* **To do**:
Using the listing below, please gather every line containing the word "radius".

* **Data for the task**:

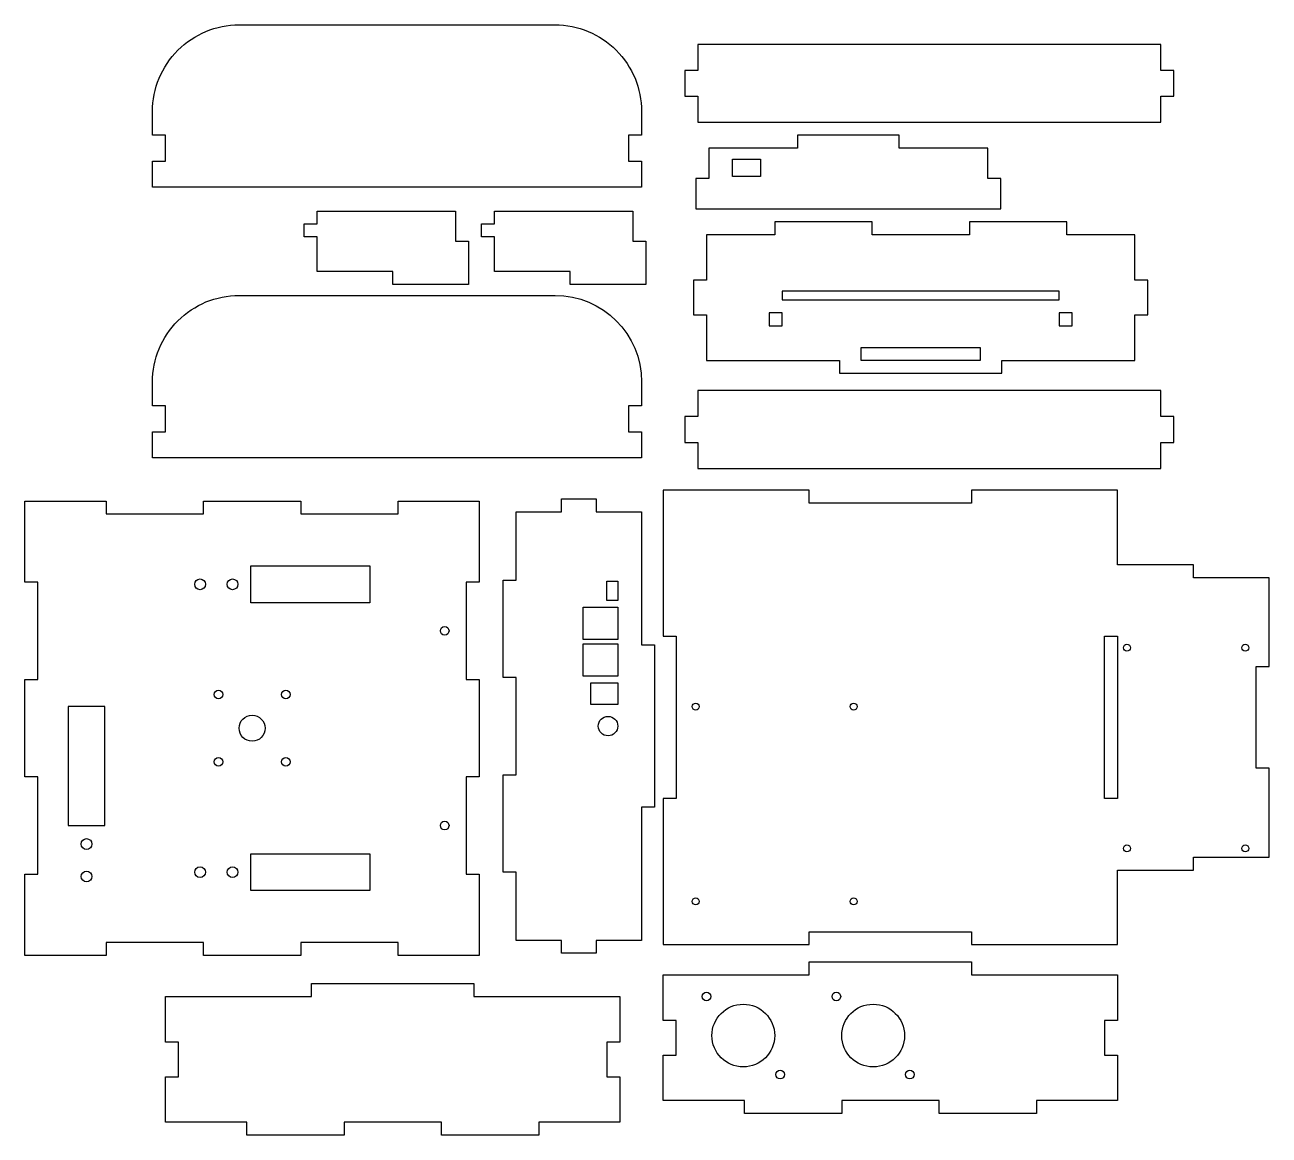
# Model space of a CAD drawing. Extents: x -295 to 280, y -298 to 215.
import ezdxf

# ---------------------------------------------------------------- set-up
doc = ezdxf.new("R2010")
doc.units = 0
doc.layers.get('0').update_dxf_attribs({"linetype": 'continuous'})

# ---------------------------------------------------------------- blocks, each defined once
blk = doc.blocks.new('SKETCH002')
at = {"color": 7}
for points in [[(0, 0), (0, -67.5), (6, -67.5), (6, -142.5), (0, -142.5), (0, -210), (67.5, -210), (67.5, -204), (142.5, -204), (142.5, -210), (210, -210), (210, -175.5), (245, -175.5), (245, -169.5), (280, -169.5), (280, -128.5), (274, -128.5), (274, -81.5), (280, -81.5), (280, -40.5), (245, -40.5), (245, -34.5), (210, -34.5), (210, 0), (142.5, 0), (142.5, -6), (67.5, -6), (67.5, 0)], [(204, -67.5), (210, -67.5), (210, -142.5), (204, -142.5)]]:
    blk.add_lwpolyline(points, close=True, dxfattribs=at)
for centre in [(214.3, -72.8), (269, -72.8), (15, -100), (88, -100), (214.3, -165.5), (269, -165.5), (15, -190), (88, -190)]:
    blk.add_circle(centre, 1.6, dxfattribs=at)
blk = doc.blocks.new('SKETCH003')
at = {"color": 7}
blk.add_lwpolyline([(0, -224), (67.5, -224), (67.5, -218), (142.5, -218), (142.5, -224), (210, -224), (210, -245), (204, -245), (204, -261), (210, -261), (210, -282), (172.5, -282), (172.5, -288), (127.5, -288), (127.5, -282), (82.5, -282), (82.5, -288), (37.5, -288), (37.5, -282), (0, -282), (0, -261), (6, -261), (6, -245), (0, -245)], close=True, dxfattribs=at)
for centre, radius in [((20, -233.94), 2), ((80, -233.94), 2), ((37, -252), 14.5), ((97, -252), 14.5), ((54, -270.06), 2), ((114, -270.06), 2)]:
    blk.add_circle(centre, radius, dxfattribs=at)
blk = doc.blocks.new('SKETCH005')
at = {"color": 7}
for points in [[(-10, -208), (-31, -208), (-31, -214), (-47, -214), (-47, -208), (-68, -208), (-68, -176.5), (-74, -176.5), (-74, -131.5), (-68, -131.5), (-68, -86.5), (-74, -86.5), (-74, -41.5), (-68, -41.5), (-68, -10), (-47, -10), (-47, -4), (-31, -4), (-31, -10), (-10, -10), (-10, -71.5), (-4, -71.5), (-4, -146.5), (-10, -146.5)], [(-26, -42), (-21, -42), (-21, -51), (-26, -51)], [(-37, -54), (-21, -54), (-21, -69), (-37, -69)], [(-37, -71), (-21, -71), (-21, -86), (-37, -86)], [(-33.5, -89), (-21, -89), (-21, -99), (-33.5, -99)]]:
    blk.add_lwpolyline(points, close=True, dxfattribs=at)
blk.add_circle((-25.5, -109), 4.5, dxfattribs=at)
blk = doc.blocks.new('SKETCH006')
at = {"color": 7}
for points in [[(-295, -5), (-257.5, -5), (-257.5, -11), (-212.5, -11), (-212.5, -5), (-167.5, -5), (-167.5, -11), (-122.5, -11), (-122.5, -5), (-85, -5), (-85, -42.5), (-91, -42.5), (-91, -87.5), (-85, -87.5), (-85, -132.5), (-91, -132.5), (-91, -177.5), (-85, -177.5), (-85, -215), (-122.5, -215), (-122.5, -209), (-167.5, -209), (-167.5, -215), (-212.5, -215), (-212.5, -209), (-257.5, -209), (-257.5, -215), (-295, -215), (-295, -177.5), (-289, -177.5), (-289, -132.5), (-295, -132.5), (-295, -87.5), (-289, -87.5), (-289, -42.5), (-295, -42.5)], [(-190.53, -35), (-135.53, -35), (-135.53, -52), (-190.53, -52)], [(-275, -155), (-258, -155), (-258, -100), (-275, -100)], [(-190.53, -168), (-135.53, -168), (-135.53, -185), (-190.53, -185)]]:
    blk.add_lwpolyline(points, close=True, dxfattribs=at)
for centre, radius in [((-214.03, -43.5), 2.5), ((-199.03, -43.5), 2.5), ((-101, -65), 2), ((-205.56, -94.44), 2), ((-174.44, -94.44), 2), ((-190, -110), 6), ((-205.56, -125.56), 2), ((-174.44, -125.56), 2), ((-101, -155), 2), ((-266.5, -163.5), 2.5), ((-266.5, -178.5), 2.5), ((-214.03, -176.5), 2.5), ((-199.03, -176.5), 2.5)]:
    blk.add_circle(centre, radius, dxfattribs=at)
blk = doc.blocks.new('SKETCH007')
at = {"color": 7}
for points in [[(20, 60), (81.5, 60), (81.5, 54), (156.5, 54), (156.5, 60), (218, 60), (218, 81), (224, 81), (224, 97), (218, 97), (218, 118), (186.5, 118), (186.5, 124), (141.5, 124), (141.5, 118), (96.5, 118), (96.5, 124), (51.5, 124), (51.5, 118), (20, 118), (20, 97), (14, 97), (14, 81), (20, 81)], [(55, 88), (183, 88), (183, 92), (55, 92)], [(55, 82), (49, 82), (49, 76), (55, 76)], [(189, 82), (183, 82), (183, 76), (189, 76)], [(91.5, 66), (146.5, 66), (146.5, 60), (91.5, 60)]]:
    blk.add_lwpolyline(points, close=True, dxfattribs=at)
blk = doc.blocks.new('SKETCH010')
at = {"color": 7}
for points in [[(15, 130), (156, 130), (156, 144), (150, 144), (150, 158), (109, 158), (109, 164), (62, 164), (62, 158), (21, 158), (21, 144), (15, 144)], [(32, 153), (45, 153), (45, 145), (32, 145)]]:
    blk.add_lwpolyline(points, close=True, dxfattribs=at)

msp = doc.modelspace()

# ---------------------------------------------------------------- linework, layer by layer
at = {"color": 7}
for points in [[(-236, 152), (-230, 152), (-230, 164), (-236, 164), (-236, 175, -0.414214), (-196, 215), (-50, 215, -0.414214), (-10, 175), (-10, 164), (-16, 164), (-16, 152), (-10, 152), (-10, 140), (-236, 140)], [(-236, 27), (-230, 27), (-230, 39), (-236, 39), (-236, 50, -0.414214), (-196, 90), (-50, 90, -0.414213), (-10, 50), (-10, 39), (-16, 39), (-16, 27), (-10, 27), (-10, 15), (-236, 15)]]:
    msp.add_lwpolyline(points, format="xyb", close=True, dxfattribs=at)
for points in [[(230, 182), (236, 182), (236, 194), (230, 194), (230, 206), (16, 206), (16, 194), (10, 194), (10, 182), (16, 182), (16, 170), (230, 170)], [(-90, 95), (-125, 95), (-125, 101), (-160, 101), (-160, 117), (-166, 117), (-166, 123), (-160, 123), (-160, 129), (-96, 129), (-96, 115), (-90, 115)], [(-43, 101), (-78, 101), (-78, 117), (-84, 117), (-84, 123), (-78, 123), (-78, 129), (-14, 129), (-14, 115), (-8, 115), (-8, 95), (-43, 95)], [(230, 22), (236, 22), (236, 34), (230, 34), (230, 46), (16, 46), (16, 34), (10, 34), (10, 22), (16, 22), (16, 10), (230, 10)], [(-230, -234), (-162.5, -234), (-162.5, -228), (-87.5, -228), (-87.5, -234), (-20, -234), (-20, -255), (-26, -255), (-26, -271), (-20, -271), (-20, -292), (-57.5, -292), (-57.5, -298), (-102.5, -298), (-102.5, -292), (-147.5, -292), (-147.5, -298), (-192.5, -298), (-192.5, -292), (-230, -292), (-230, -271), (-224, -271), (-224, -255), (-230, -255)]]:
    msp.add_lwpolyline(points, close=True, dxfattribs=at)

# ---------------------------------------------------------------- block references
for name in ['SKETCH010', 'SKETCH007', 'SKETCH002', 'SKETCH006', 'SKETCH005', 'SKETCH003']:
    msp.add_blockref(name, (0, 0), dxfattribs=at)

doc.saveas('drawing.dxf')

* **Answer section**:
for centre, radius in [((20, -233.94), 2), ((80, -233.94), 2), ((37, -252), 14.5), ((97, -252), 14.5), ((54, -270.06), 2), ((114, -270.06), 2)]:
    blk.add_circle(centre, radius, dxfattribs=at)
for centre, radius in [((-214.03, -43.5), 2.5), ((-199.03, -43.5), 2.5), ((-101, -65), 2), ((-205.56, -94.44), 2), ((-174.44, -94.44), 2), ((-190, -110), 6), ((-205.56, -125.56), 2), ((-174.44, -125.56), 2), ((-101, -155), 2), ((-266.5, -163.5), 2.5), ((-266.5, -178.5), 2.5), ((-214.03, -176.5), 2.5), ((-199.03, -176.5), 2.5)]:
    blk.add_circle(centre, radius, dxfattribs=at)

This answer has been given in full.